Eamonn Mallie told GB News: “In my reporting days, the Queen only visited Unionist towns and cities across Northern Ireland.

“You would not get the Queen visiting nationalist areas per se. It just didn’t happen.

“Remember, there was a time when the IRA would have killed the Queen, if the opportunity arose, they would have killed her.

“They killed Earl Mountbatten, for example, such an important figure in the whole area of the royalty, so things have changed.”

He said: “Why have they changed? Because of the personalities of the Queen herself and Mary McAleese, the former president of Ireland.

“She was born and raised in the Ardoyne in North Belfast. When she met the Queen she was very much in our capacity as president of Ireland involved in reconciliation across the community in Northern Ireland, particularly under the auspices of her husband Martin.

“It was meeting with the Loyalists throughout her tenure of office in governance. And when Mary McAleese met the Queen, the Queen acknowledged that Mary McAleese was very much given to cross-community reconciliation.”
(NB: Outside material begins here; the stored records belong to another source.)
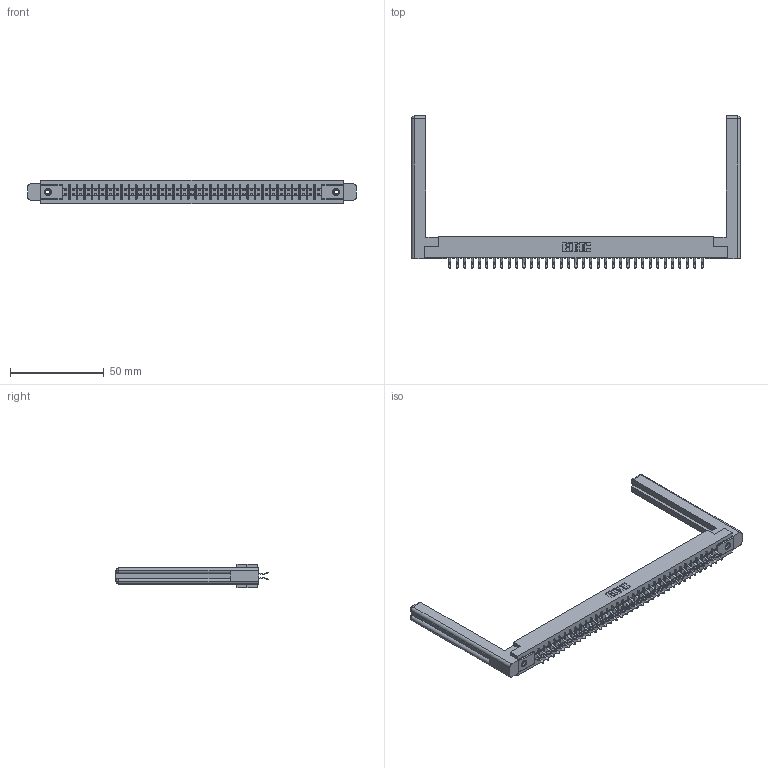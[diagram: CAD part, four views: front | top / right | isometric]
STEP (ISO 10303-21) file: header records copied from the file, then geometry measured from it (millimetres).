
FILE_DESCRIPTION (( 'STEP AP203' ), '1' );
FILE_NAME ('355-070-556-258.STEP', '2019-09-12T17:44:48', ( '' ), ( '' ), 'SwSTEP 2.0', 'SolidWorks 2016', '' );
FILE_SCHEMA (( 'CONFIG_CONTROL_DESIGN' ));
Length unit declared in the file: inch
Products named in the file (5): 345-250-001_345-250-001-102; 305 Part_.156 Dia; 355-070-556-258; 305-290-001_556; 307-220-058
Assembly tree (75 placements, depth 2):
  355-070-556-258
    305 Part_.156 Dia
    305-290-001_556  x70
    345-250-001_345-250-001-102  x2
    307-220-058  x2
Bounding box: 175.31 x 81.28 x 12.7 mm (x, y, z)
Volume: 25388.1 mm3; surface area: 27925.2 mm2
Topology: 75 solids, 75 shells, 4178 faces, 11975 edges, 7782 vertices
Faces by surface type: plane 2322, cylinder 1692, sphere 140, cone 12, torus 12
Entity records: 41603 total; most frequent: CARTESIAN_POINT 6902, ORIENTED_EDGE 6792, DIRECTION 6648, EDGE_CURVE 3396, LINE 2724, VECTOR 2724, VERTEX_POINT 2162, AXIS2_PLACEMENT_3D 1962

He added: “She invited the Queen to Dublin, when the Queen went to Dublin, it was a remarkable development.

“She spoke in Dublin Castle. She opened her remarks with ‘president and people’, it was remarkable the Queen’s speaking Irish – exemplary Irish at that, it wasn’t a broken Irish.

“And then she made remarkable remarks about the relationships with the peoples of these islands and the Irish and the British. She wished that people had done things differently.

“There was a sense it wasn’t quite an apology but it was an acknowledgement that we hurt each other and, of course, she spoke of the personal hurt.”

Mr Mallie said: “She obviously had in mind the death of Earl Mountbatten – and the other people who had lost their lives in the Troubles in Northern Ireland.

“She did three things in Dublin – remarkable. She went to the Garden of Remembrance, that’s where the people who fought to win Irish freedom were buried.

“Secondly, she went to Croke Park, the home of the Gaelic Athletic Association. Previously, in the 1920s, British soldiers and security services shot that particular ground up and a young man called Michael Hogan was shot dead.”

He added: “She did extraordinary things when she was in Dubli, extraordinary things, and that was not lost on the broad nationalist people.

“Flowing from that, people like Martin McGuinness realised they had made a big mistake by boycotting the Dublin Castle meeting and he took steps to find a pathway to acknowledge the Queen.

“When she was coming to Northern Ireland, engaged in that handshake, it was a remarkable moment in time and that’s why the mood has changed.

“I don’t think everybody is gone royalist in the nationalist community, no, but there’s a greater understanding.

“The Queen showed leadership and McGuinness and those people showed leadership as well.”